Notably, the joint statement of facts states that Ripple failed to register as an MSB until April 29, 2013, or for about six weeks after the March 18, 2013 guidance. Similarly, Ripple's subsidiary registered as an MSB on September 4, 2013, and FinCEN and the USAO faulted the subsidiary for not adopting its written AML program until three weeks later, on September 26. Other violations occurred for a longer period: the joint statement of facts states that Ripple's subsidiary did not perform a risk assessment until six months after registration, and it did not conduct AML training until nearly a year after its formation.

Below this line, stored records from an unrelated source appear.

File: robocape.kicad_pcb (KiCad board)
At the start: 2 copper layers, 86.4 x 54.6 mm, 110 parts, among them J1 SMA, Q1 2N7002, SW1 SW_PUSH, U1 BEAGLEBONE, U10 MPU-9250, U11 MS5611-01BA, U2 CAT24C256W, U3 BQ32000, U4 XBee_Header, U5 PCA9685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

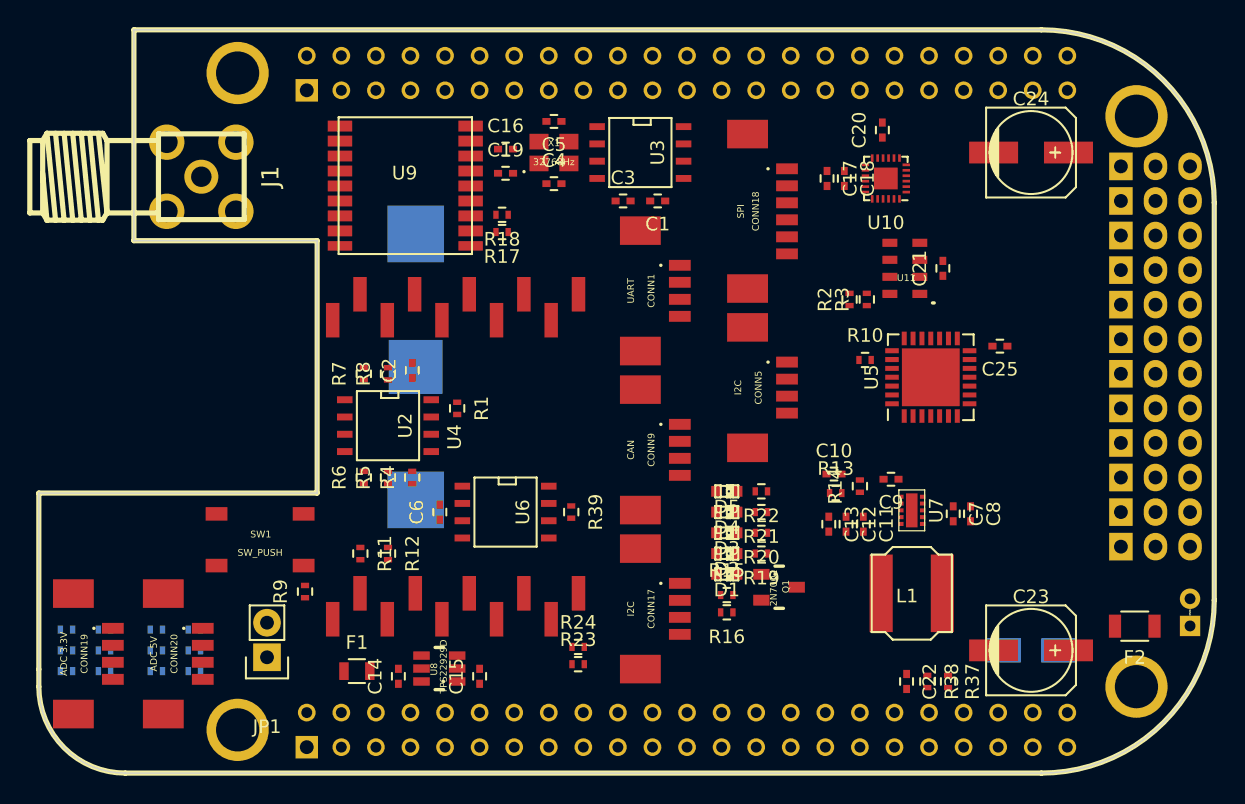
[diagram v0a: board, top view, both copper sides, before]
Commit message: PCB: Layout of close tracks
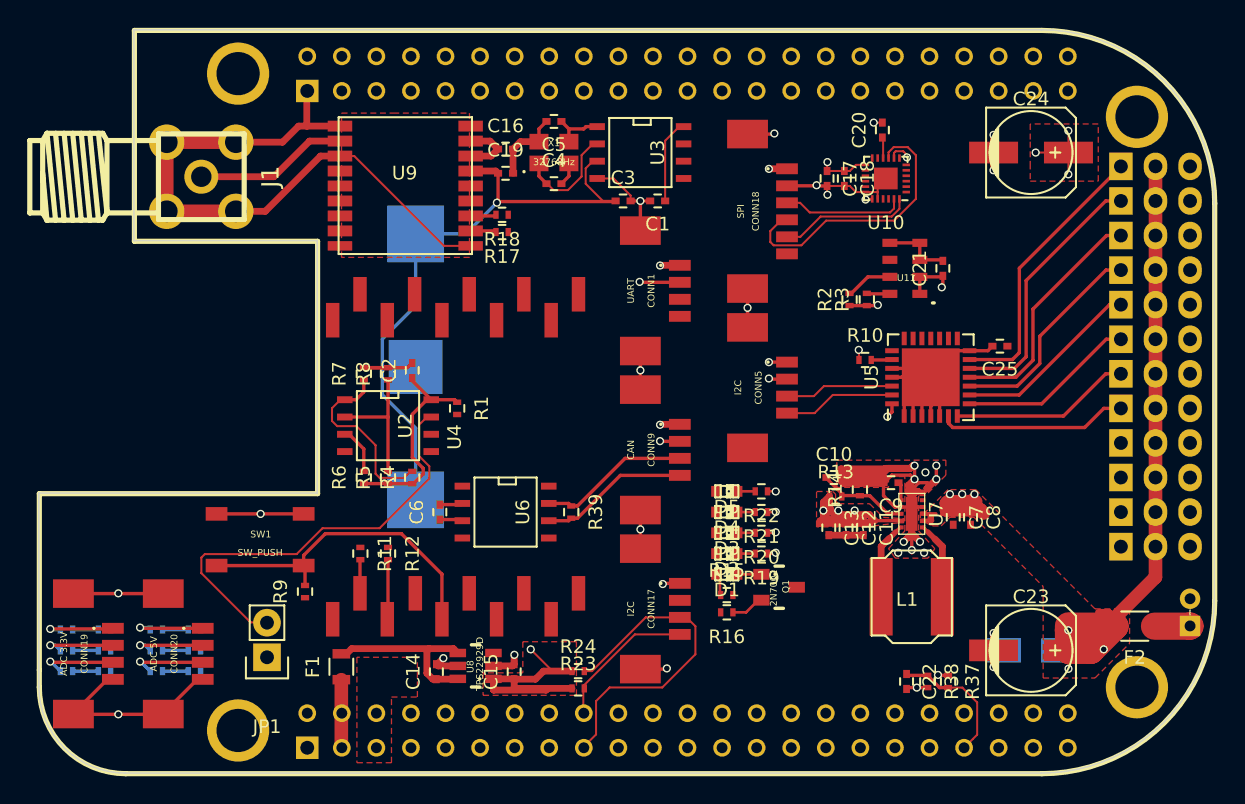
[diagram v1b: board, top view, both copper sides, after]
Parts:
- moved C14 2.81 mm to (102.9, 85.6)
- moved U8 2.67 mm to (107.1, 86.2)
- moved C15 2.56 mm to (108.6, 85.6)
- moved R24 1.78 mm to (113.3, 85.6)
- moved R23 1.78 mm to (113.3, 86.9)
- moved F1 1.19 mm to (95.9, 85.3), turned to 90 degrees
- moved C11 0.25 mm to (134.2, 75.1)
- moved C12 0.25 mm to (133.0, 75.1)
- moved C13 0.25 mm to (131.7, 75.1)
- moved C7 0.25 mm to (140.8, 74.3)
- moved C8 0.25 mm to (142.1, 74.3)
- moved L1 0.25 mm to (137.8, 80.1)
- moved R13 0.25 mm to (132.2, 72.8)
- moved R14 0.25 mm to (134.0, 72.3)
- moved C10 0.25 mm to (132.1, 71.4)
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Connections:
- CONN18 pad MECH: Net-(CONN18-PadMECH) -> GND
- CONN19 pad MECH: Net-(CONN19-PadMECH) -> GND
- CONN20 pad MECH: Net-(CONN20-PadMECH) -> GND
- U5 pad 29: (no net) -> GND
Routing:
- net GND: track 0.00 -> 340.2 mm, vias 0 -> 36
- net POWER: track 0.00 -> 124.2 mm, vias 0 -> 10
- net +5V: track 0.00 -> 74.1 mm, vias 0 -> 6
- net +3.3V_A: track 0.00 -> 57.3 mm, vias 0 -> 10
- net /Power/Back_Bat: track 0.00 -> 46.5 mm, vias 0 -> 1
- net Net-(JP1-Pad2): track 0.00 -> 32.0 mm
- net /Connectivity/I2C1_SCL: track 0.00 -> 24.6 mm
- net Net-(R9-Pad2): track 0.00 -> 24.0 mm
- net /Connectivity/PWM_11: track 0.00 -> 20.6 mm
- net /Sensors/MPU9250_MISO: track 0.00 -> 20.6 mm
- net /Connectivity/PWM_10: track 0.00 -> 19.5 mm
- net /Connectivity/PWM_9: track 0.00 -> 17.6 mm
- net /Connectivity/PWM_8: track 0.00 -> 15.8 mm
- net /Connectivity/PWM_4: track 0.00 -> 13.9 mm
- net /Connectivity/PWM_7: track 0.00 -> 13.9 mm
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- added copper zone on F.Cu, net +3.3V_A
- added copper zone on Power.Plane, net +3.3V_A
- added copper zone on F.Cu, net +5V
- added copper zone on Power.Plane, net +5V
- added copper zone on F.Cu, net GND
- added copper zone on Groun.Plane, net GND
- added copper zone on F.Cu, net POWER
- added copper zone on Power.Plane, net POWER
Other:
- copper layers 2 -> 4
- net class Default: clearance 0.2 -> 0.15; trace_width 0.25 -> 0.15
- rule trace_clearance: 0.2 -> 0.15
- rule trace_min: 0.1524 -> 0.15

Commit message: PCB: 3v3 zone fill in power plane + 3v3 wiring
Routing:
- net GND: track 340.2 -> 352.9 mm, vias 36 -> 39
- net +3V3: track 12.3 -> 16.9 mm, vias 0 -> 2
- net Net-(JP1-Pad2): track 32.0 -> 34.0 mm
- net +3.3V_A: track 57.3 -> 58.2 mm, vias 10 -> 11
- added copper zone on Power.Plane, net +3V3
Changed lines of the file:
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@@
   (general
     (links 323)
-    (no_connects 96)
+    (no_connects 74)
     (area 72.656559 38.184499 160.395501 93.475501)
     (thickness 1.6)
     (drawings 11)
-    (tracks 813)
+    (tracks 841)
     (zones 0)
     (modules 110)
@@
   (segment (start 105.384 48.856) (end 107.234 48.856) (width 0.5) (layer Front) (net 1) (status 30))
   (segment (start 107.234 48.856) (end 107.4 49.022) (width 0.5) (layer Front) (net 1) (status 30))
+  (segment (start 108.5 49.022) (end 108.5 48.099994) (width 0.5) (layer Front) (net 2))
+  (via (at 108.5 48.099994) (size 0.6) (drill 0.4) (layers Front Back) (net 2))
+  (segment (start 110.406 46.698) (end 110.698 46.698) (width 0.25) (layer Front) (net 2))
+  (segment (start 110.698 46.698) (end 112.298 48.298) (width 0.25) (layer Front) (net 2))
+  (segment (start 112.298 48.298) (end 112.606 48.298) (width 0.25) (layer Front) (net 2))
+  (segment (start 105.384 54.356) (end 106.744 54.356) (width 0.5) (layer Front) (net 2))
+  (segment (start 106.744 54.356) (end 106.8 54.3) (width 0.5) (layer Front) (net 2))
+  (via (at 106.8 54.3) (size 0.6) (drill 0.4) (layers Front Back) (net 2))
+  (segment (start 101.092 62.95) (end 101.75 62.95) (width 0.25) (layer Front) (net 2))
+  (segment (start 101.75 62.95) (end 101.8 63) (width 0.25) (layer Front) (net 2))
+  (via (at 101.8 63) (size 0.6) (drill 0.4) (layers Front Back) (net 2))
+  (segment (start 96.139 69.469) (end 96.139 72.661) (width 0.25) (layer Front) (net 2))
+  (segment (start 96.139 72.661) (end 94.754 74.046) (width 0.25) (layer Front) (net 2))
+  (segment (start 94.754 74.046) (end 93.116 74.046) (width 0.25) (layer Front) (net 2))
+  (segment (start 131.699 75.607) (end 132.969 75.607) (width 0.5) (layer Front) (net 2))
+  (segment (start 132.969 75.607) (end 134.239 75.607) (width 0.5) (layer Front) (net 2))
   (segment (start 136.995 73.541) (end 136.545 73.541) (width 0.25) (layer Front) (net 2))
   (segment (start 136.545 73.541) (end 135.721 72.717) (width 0.25) (layer Front) (net 2))
   (segment (start 135.721 72.717) (end 135.721 72.255) (width 0.25) (layer Front) (net 2))
   (segment (start 135.721 72.255) (end 135.721 71.755) (width 0.25) (layer Front) (net 2))
-  (segment (start 132.969 75.607) (end 134.239 75.607) (width 0.5) (layer Front) (net 2))
-  (segment (start 131.699 75.607) (end 132.969 75.607) (width 0.5) (layer Front) (net 2))
   (segment (start 138.16493 86.81) (end 137.514 86.81) (width 0.25) (layer Front) (net 2))
   (via (at 138.16493 86.81) (size 0.6) (drill 0.4) (layers Front Back) (net 2))
@@
   (segment (start 136.995 73.541) (end 137.445 73.541) (width 0.25) (layer Front) (net 2) (status 30))
   (segment (start 137.445 73.541) (end 137.795 73.891) (width 0.25) (layer Front) (net 2) (status 30))
+  (segment (start 104.394 65.844) (end 105.256 65.844) (width 0.25) (layer Front) (net 3))
+  (via (at 105.3 65.8) (size 0.6) (drill 0.4) (layers Front Back) (net 3))
+  (segment (start 105.256 65.844) (end 105.3 65.8) (width 0.25) (layer Front) (net 3))
   (segment (start 101.092 71.824) (end 101.192 71.824) (width 0.25) (layer Front) (net 3))
   (segment (start 101.192 71.824) (end 101.9 71.116) (width 0.25) (layer Front) (net 3))
@@
   (segment (start 112.606 46.698) (end 112.606 45.762) (width 0.25) (layer Front) (net 5) (status 10))
   (segment (start 112.606 45.762) (end 112.056 45.212) (width 0.25) (layer Front) (net 5) (status 20))
+  (segment (start 95.25 81.788) (end 95.25 80.176315) (width 0.5) (layer Front) (net 6))
+  (segment (start 95.25 80.176315) (end 95.25 79.65) (width 0.5) (layer Front) (net 6))
+  (segment (start 93.218 80.206) (end 95.220315 80.206) (width 0.25) (layer Front) (net 6))
+  (segment (start 95.220315 80.206) (end 95.25 80.176315) (width 0.25) (layer Front) (net 6))
+  (segment (start 95.25 79.65) (end 95.2 79.6) (width 0.5) (layer Front) (net 6))
+  (via (at 95.2 79.6) (size 0.6) (drill 0.4) (layers Front Back) (net 6))
+  (segment (start 107.4 47.244) (end 107.4 46.9) (width 0.5) (layer Front) (net 6))
+  (segment (start 107.4 46.9) (end 108 46.3) (width 0.5) (layer Front) (net 6))
+  (via (at 108 46.3) (size 0.6) (drill 0.4) (layers Front Back) (net 6))
   (segment (start 103.124 74.464) (end 104.69 74.464) (width 0.25) (layer Front) (net 6) (status 30))
   (segment (start 104.69 74.464) (end 104.775 74.549) (width 0.25) (layer Front) (net 6) (status 30))
@@
   (segment (start 106.812 46.656) (end 107.4 47.244) (width 0.5) (layer Front) (net 6) (status 20))
   (segment (start 95.885 88.646) (end 95.885 86.228) (width 1) (layer Front) (net 6) (status 30))
-  (segment (start 95.25 80.899) (end 95.25 81.788) (width 0.4) (layer Front) (net 6) (status 30))
   (segment (start 95.885 88.646) (end 95.885 91.186) (width 1) (layer Front) (net 6) (status 30))
   (segment (start 96.078 88.453) (end 95.885 88.646) (width 0.5) (layer Front) (net 6) (status 30))
@@
   (segment (start 90.932 49.276) (end 93.552 46.656) (width 0.5) (layer Front) (net 53))
   (segment (start 93.552 46.656) (end 95.784 46.656) (width 0.5) (layer Front) (net 53) (status 20))
+  (segment (start 104.394 66.744) (end 104.338 66.8) (width 0.15) (layer Front) (net 54))
+  (segment (start 104.338 66.8) (end 102.618 66.8) (width 0.15) (layer Front) (net 54))
+  (segment (start 102.618 66.8) (end 102.489 66.929) (width 0.15) (layer Front) (net 54))
   (segment (start 90.424 82.042) (end 90.4 82.018) (width 0.15) (layer Front) (net 54))
   (segment (start 90.4 82.018) (end 89.218 82.018) (width 0.15) (layer Front) (net 54))
@@
       )
     )
+  )
+  (zone (net 6) (net_name +3V3) (layer Power.Plane) (hatch edge 0.508)
+    (connect_pads (clearance 0.3))
+    (min_thickness 0.1)
+    (fill yes (arc_segments 16) (thermal_gap 0.3) (thermal_bridge_width 0.5) (smoothing fillet) (radius 0.2))
+    (polygon
+      (pts
+        (xy 96.8 92.3) (xy 96.8 84.6) (xy 96.8 84.3) (xy 96.8 83.8) (xy 98.8 83.8)
+        (xy 98.8 56) (xy 98.8 55.5) (xy 109.2 55.5) (xy 109.2 44.3) (xy 94.2 44.3)
+        (xy 94.2 86.1) (xy 94.2 87) (xy 94.7 87.5) (xy 94.9 87.7) (xy 94.9 92.3)
+      )
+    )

Finally, FinCEN and the USAO found that the Ripple subsidiary did not conduct an independent review of its AML program until nearly a year after it began virtual currency sales, by which time it was aware of the USAO investigation. While many financial institutions conduct annual reviews of their AML program, the AML rules require only the frequency of the MSB's review "be commensurate with the risk of the financial services provided."2 Thus FinCEN appears to be interpreting its regulation to require a review within the first year of MSB operations, or at least upon learning of potential government investigations.

Broad Remedial Measures

As part of the settlement, Ripple (and relevant subsidiaries) agreed to take several remedial actions aimed to give the government greater visibility into virtual currency transactions. Two of these actions are particularly noteworthy. First, Ripple agreed to improve its monitoring tools for identification and possible reporting to the government of funds flows and counterparty information regarding Ripple transactions. Second, Ripple also agreed to offer incentives (such as free XRP virtual currency) for customers to provide identification information, and then to cut off any Ripple customer who does not provide that information within 180 days of the settlement.

Other remedial measures are similar to those commonly seen in AML enforcement actions. Ripple agreed to comply with MSB registration and AML program requirements and to make enhancements to the company's AML controls and training program. Ripple also agreed to external audits of its program through the year 2020, and to a three-year lookback review of historical transactions for potential suspicious activity reporting.